Among the eukaryotic ADPRTs detected, the best-defined one is Arg-specific. Purification and characterization of the ADPRT from turkey erythrocytes (4), rabbit skeletal muscle (9), and chicken peripheral heterophils (polymorphonuclear leukocytes) (5) revealed that these enzymes exhibit different physical and regulatory properties, kinetics, and intracellular localization. Guanidino compounds, such as arginine and agmatine, function in vitro as acceptors for Arg-specific ADPRT (4). With b-NAD+ and arginine as substrate, a-ADP-ribosylated arginine is formed by Arg-specific ADP-ribosyltransferase; and the a anomer, but not the b anomer, is utilized as substrate by ADP-ribosyl-Arg hydrolase (10).
Figure 2. Arg-specific ADP-ribosylation and de-ADP-ribosylation reactions.
Some of the ADPRTs catalyze NAD glycohydrolysis or auto-Arg-specific ADP-ribosylation, when either water or the enzyme itself serve as acceptor for ADP-ribose (1, 2). Upon incubation of intact cells or cell lysates with [ P]NAD , it would appear that the ADP-ribose released from NAD by cellular NAD glycohydrolase is attached to some proteins nonenzymatically (11, 12). Thus, enzymatic and non-enzymatic ADP-ribosylations should be differentiated.
Molecular cloning and expression studies of complementary DNA for Arg-specific ADPRT revealed that the rabbit and human skeletal muscle transferases are glycosylphosphatidylinositol-anchored (GPI-anchored) (6) and that two forms of transferases from chicken bone marrow cells are secreted (7).
The previously known rat and mouse T-cell marker RT6 have significant sequence Homology to the ADPRT. It is now accepted that these proteins are GPI-anchored and possess transferase and/or NAD glycohydrolase activities (13-15).
A common feature of the vertebrate Arg-specific ADP-ribosyltransferase is their resemblance to the transferase from cholera toxin and to Escherichia coli heat-labile enterotoxin. Strictly conserved regions around the active site containing two Glu residues (E207 and E209, indicated with an asterisk in Fig. 3) are seen in all Arg-specific ADPRT detected in vertebrates, bacteria, and viruses. On the other hand, RT6.1 and RT6.2 (rat), which have NAD glycohydrolase activity, but not Arg-specific ADPRT, contain Gln in place of Glu207. The recombinant protein of a mutant Gln207Glu-RT6.1 possesses Arg-specific ADPRT activity (16, 17), but alterations in the kinetic parameters of the NAD glycohydrolase reaction are slight (17). Furthermore, the mouse homologues of rat RT6, Rt6.1, and Rt6.2 have Glu207 and ADPRT activity. When the Glu is replaced with Gln, Rt6.1 loses the activity (17).
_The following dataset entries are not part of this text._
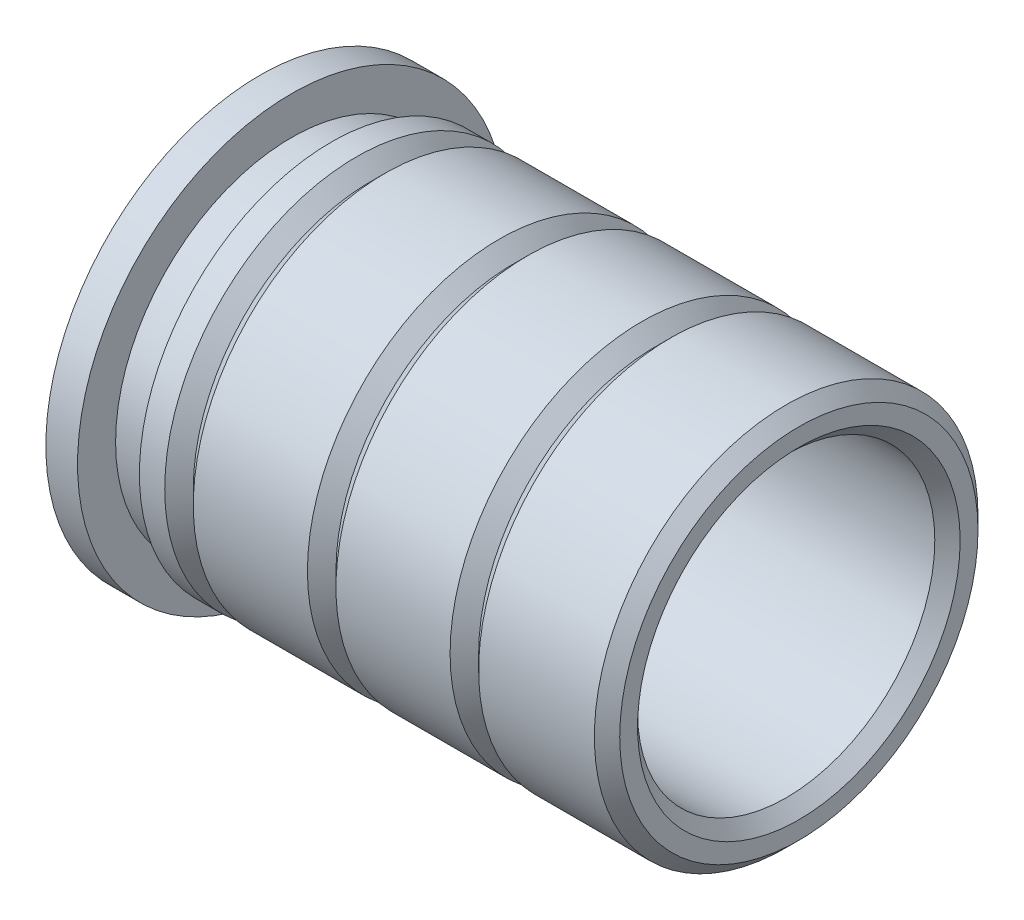
SolidWorks part; units mm, degrees
material "Tin Bearing Bronze"
ref_plane "Front Plane" through (0, 0, 0) normal (0, 0, 1) x (1, 0, 0)
ref_plane "Top Plane" through (0, 0, 0) normal (0, 1, 0) x (1, 0, 0)
ref_plane "Right Plane" through (0, 0, 0) normal (1, 0, 0) x (0, 0, -1)
sketch "Sketch1" plane through (0, 0, 0) normal (0, 0, 1) x (1, 0, 0)
  line L0 (0, 0) -> (-13.8087, 0) construction
  line L1 (0, 2.3813) -> (8.636, 2.3813)
  line L2 (0, 2.3813) -> (0, 3.429)
  line L3 (0, 3.429) -> (0.508, 3.429)
  line L4 (8.636, 2.3813) -> (8.636, 3.0734)
  line L5 (0.508, 3.429) -> (0.508, 2.8194)
  line L6 (0.508, 2.8194) -> (1.143, 2.8194)
  line L7 (1.143, 2.8194) -> (1.143, 3.0734)
  line L8 (1.143, 3.0734) -> (8.636, 3.0734)
  dimension "D1" = 4.7625
  dimension "D2" = 6.858
  dimension "D3" = 8.636
  dimension "D4" = 6.1468
  dimension "D5" = 0.508
  dimension "D6" = 0.635
  dimension "D7" = 0.254
revolve "Revolve1" add sketch "Sketch1" angle 360 about L0
chamfer "Chamfer1" distance 0.2032 angle 45 2 edges at (0, 0, -2.3813) (8.636, 0, -2.3813)
chamfer "Chamfer2" distance 0.2032 angle 45 1 edges at (8.636, 0, -3.0734)
sketch "Sketch2" plane through (0, 0, 0) normal (0, 0, 1) x (1, 0, 0)
  line L0 (1.2623, 3.3605) -> (1.778, 2.8448)
  line L1 (1.778, 2.8448) -> (2.2937, 3.3605)
  line L2 (2.2937, 3.3605) -> (1.2623, 3.3605)
  line L3 (1.778, 2.8448) -> (1.778, 4.2293) construction
  line L4 (0, 0) -> (-1.2174, 0) construction
  line L5 (0, 3.429) -> (0, -3.429) construction
  dimension "D1" = 90
  dimension "D2" = 45
  dimension "D3" = 2.8448
  dimension "D4" = 1.778
revolve "Cut-Revolve1" cut sketch "Sketch2" angle 360 about L4
pattern_linear "LPattern1" count 3 spacing 2.286 along (1, 0, 0) of "Cut-Revolve1"
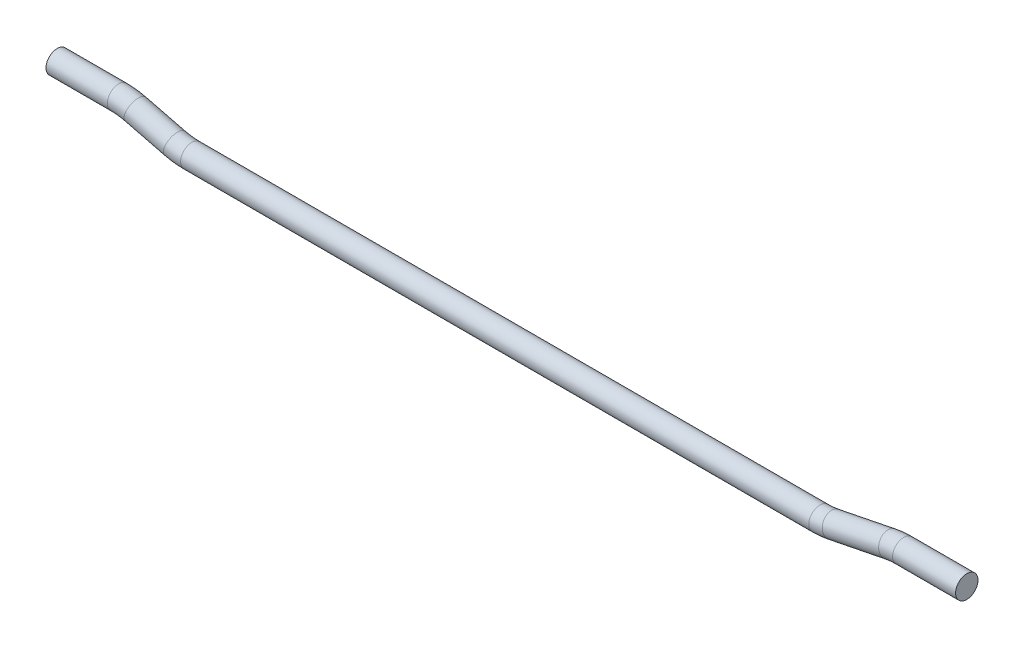
SolidWorks part; units mm, degrees
ref_plane "Front Plane" through (0, 0, 0) normal (0, 0, 1) x (1, 0, 0)
ref_plane "Top Plane" through (0, 0, 0) normal (0, 1, 0) x (1, 0, 0)
ref_plane "Right Plane" through (0, 0, 0) normal (1, 0, 0) x (0, 0, -1)
sketch "Sketch1" plane through (0, 0, 0) normal (1, 0, 0) x (0, 0, -1)
  circle A0 centre (0, 0) radius 0.8
  dimension "D1" = 1.6
sketch "Sketch2" plane through (0, 0, 0) normal (0, 0, 1) x (1, 0, 0)
  line L0 (0, 0) -> (4.385, 0)
  line L1 (0, -0.8) -> (0, 0.8) construction
  line L2 (5.5967, -0.149) -> (8.4068, -0.851)
  line L3 (9.6185, -1) -> (54.5049, -1)
  line L4 (55.4855, -0.9029) -> (59.5145, -0.0971)
  line L5 (60.4951, 0) -> (65, 0)
  arc A0 (59.5145, -0.0971) -> (60.4951, 0) centre (60.4951, -5) cw
  arc A1 (54.5049, -1) -> (55.4855, -0.9029) centre (54.5049, 4) ccw
  arc A2 (8.4068, -0.851) -> (9.6185, -1) centre (9.6185, 4) ccw
  arc A3 (5.5967, -0.149) -> (4.385, 0) centre (4.385, -5) ccw
  point P10 (60, 0)
  point P13 (55, -1)
  point P16 (9.0035, -1)
  point P19 (5, 0)
  dimension "D7" = 5
  dimension "D8" = 5
  dimension "D1" = 65
  dimension "D2" = 5
  dimension "D3" = 5
  dimension "D4" = 1
  dimension "D5" = 4.0035
  dimension "D6" = 5
sweep "Sweep1" add profiles "Sketch1" path "Sketch2"
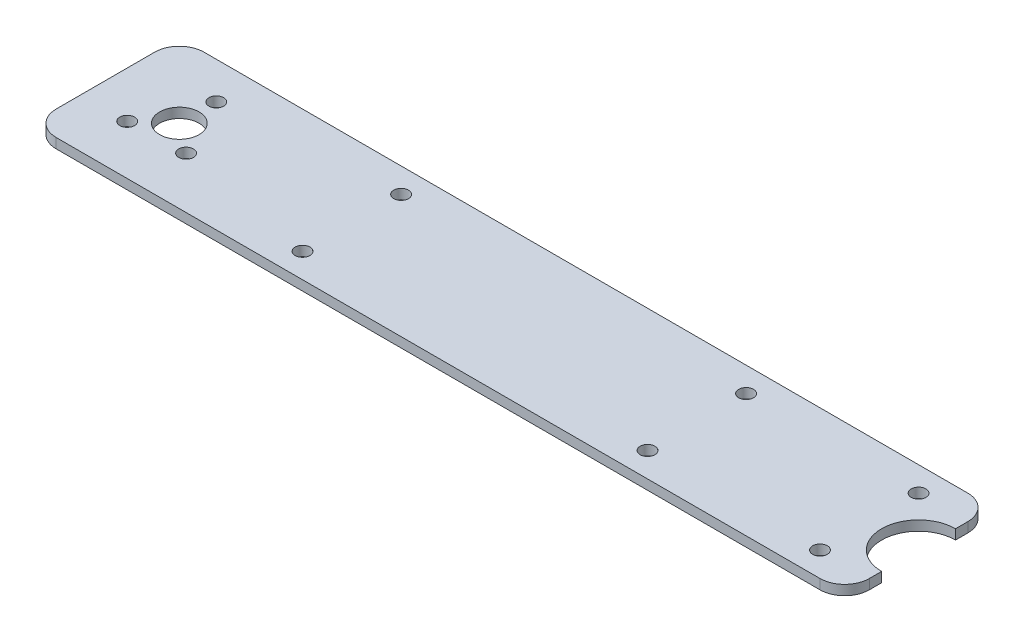
SolidWorks part; units mm, degrees
ref_plane "Front Plane" through (0, 0, 0) normal (0, 0, 1) x (1, 0, 0)
ref_plane "Top Plane" through (0, 0, 0) normal (0, 1, 0) x (1, 0, 0)
ref_plane "Right Plane" through (0, 0, 0) normal (1, 0, 0) x (0, 0, -1)
sketch "Sketch1" plane through (0, 0, 0) normal (0, 1, 0) x (1, 0, 0)
  line L1 (-82.5, 15) -> (82.5, 15)
  line L2 (-82.5, 15) -> (-82.5, -15)
  line L3 (-82.5, -15) -> (82.5, -15)
  line L4 (82.5, 15) -> (82.5, -15)
  line L5 (-82.5, 15) -> (82.5, -15) construction
  line L6 (-82.5, -15) -> (82.5, 15) construction
  point P0 (0, 0)
  dimension "D1" = 165
  dimension "D2" = 30
extrude "Boss-Extrude1" add sketch "Sketch1" along normal blind 2
fillet "Fillet1" radius 5 4 edges at (82.5, 1, 15) (82.5, 1, -15) (-82.5, 1, -15) (-82.5, 1, 15)
sketch "Sketch3" plane through (0, 2, 0) normal (0, 1, 0) x (1, 0, 0)
  line L0 (-67.5, 0) -> (-67.5, 16.9727) construction
  line L1 (-97.2806, 0) -> (-55.6726, 0) construction
  line L3 (-67.5, 0) -> (-48.4021, -14.689) construction
  line L4 (-67.5, 0) -> (-82.8755, -13.527) construction
  line L5 (-67.5, 0) -> (-67.5, -28.9997) construction
  circle A0 centre (-67.5, 0) radius 4
  circle A1 centre (-67.5, 7.5) radius 1.5
  circle A2 centre (-61.5551, -4.5725) radius 1.5
  circle A3 centre (-73.131, -4.954) radius 1.5
  point P7 (-73.131, -4.954)
  point P14 (-61.5551, -4.5725)
  point P15 (-67.5, 7.5)
  dimension "D2" = 3
  dimension "D3" = 3
  dimension "D4" = 3
  dimension "D7" = 101.094
  dimension "D8" = 13.6678
  dimension "D9" = 13.4569
  dimension "D1" = 8
  dimension "D5" = 127.565
  dimension "D6" = 131.34
  dimension "D10" = 11.5759
  dimension "D11" = 7.5
  dimension "D12" = 7.5
  dimension "D13" = 7.5
extrude "Cut-Extrude1" cut sketch "Sketch3" against normal blind 2
sketch "Sketch4" plane through (0, 2, 0) normal (0, 1, 0) x (1, 0, 0)
  line L0 (91.6385, 0) -> (59.0764, 0) construction
  line L1 (82.5, -10) -> (82.5, 10) construction
  circle A0 centre (82.5, 0) radius 7.5
  dimension "D1" = 15
extrude "Cut-Extrude2" cut sketch "Sketch4" against normal blind 10
sketch "Sketch5" plane through (0, 2, 0) normal (0, 1, 0) x (1, 0, 0)
  line L0 (-60.8984, 10) -> (49.581, 10) construction
  line L1 (-60.8984, -10) -> (51.7367, -10) construction
  line L2 (77.5, 15) -> (-77.5, 15) construction
  line L3 (-77.5, -15) -> (77.5, -15) construction
  line L4 (-82.5, 10) -> (-82.5, -10) construction
  circle A0 centre (-32.5, 10) radius 1.5
  circle A1 centre (37.5, 10) radius 1.5
  circle A2 centre (-32.5, -10) radius 1.5
  circle A3 centre (37.5, -10) radius 1.5
  dimension "D3" = 3
  dimension "D1" = 5
  dimension "D2" = 5
  dimension "D4" = 50
  dimension "D5" = 50
  dimension "D6" = 120
  dimension "D7" = 120
extrude "Cut-Extrude3" cut sketch "Sketch5" against normal blind 10
sketch "Sketch6" plane through (0, 2, 0) normal (0, 1, 0) x (1, 0, 0)
  line L0 (72.5, 21.9211) -> (72.5, -25.7122) construction
  line L1 (62.0696, 10) -> (91.6184, 10) construction
  line L2 (64.8146, -10) -> (95.3322, -10) construction
  line L3 (82.5, 7.5) -> (82.5, 10) construction
  line L4 (77.5, 15) -> (-77.5, 15) construction
  line L5 (-77.5, -15) -> (77.5, -15) construction
  circle A0 centre (72.5, 10) radius 1.5
  circle A1 centre (72.5, -10) radius 1.5
  point P12 (72.5, 10)
  point P13 (72.5, -10)
  dimension "D4" = 3
  dimension "D5" = 3
  dimension "D1" = 10
  dimension "D2" = 5
  dimension "D3" = 5
extrude "Cut-Extrude4" cut sketch "Sketch6" against normal through all

Figure 3. Comparison of the amino acid sequences of a Glu-rich motif in eukaryotic, prokaryotic, and viral Arg-specific ADP-ribosyltransferases and T-cell antigen RT6. References are cited by the numbers in parentheses. ADPRT: arginine-specific ADP-ribosyltransferase.
It has been reported that defects in RT6 expression are associated in various animal models with the pathogenesis of autoimmune insulin-dependent diabetes and systemic lupus erythematosus (18, 19), although a possible mechanism for RT6-mediated protection from these autoimmune diseases is unknown. Definite physiological functions of monoADP-ribosylation in eukaryotes must be established by further investigation.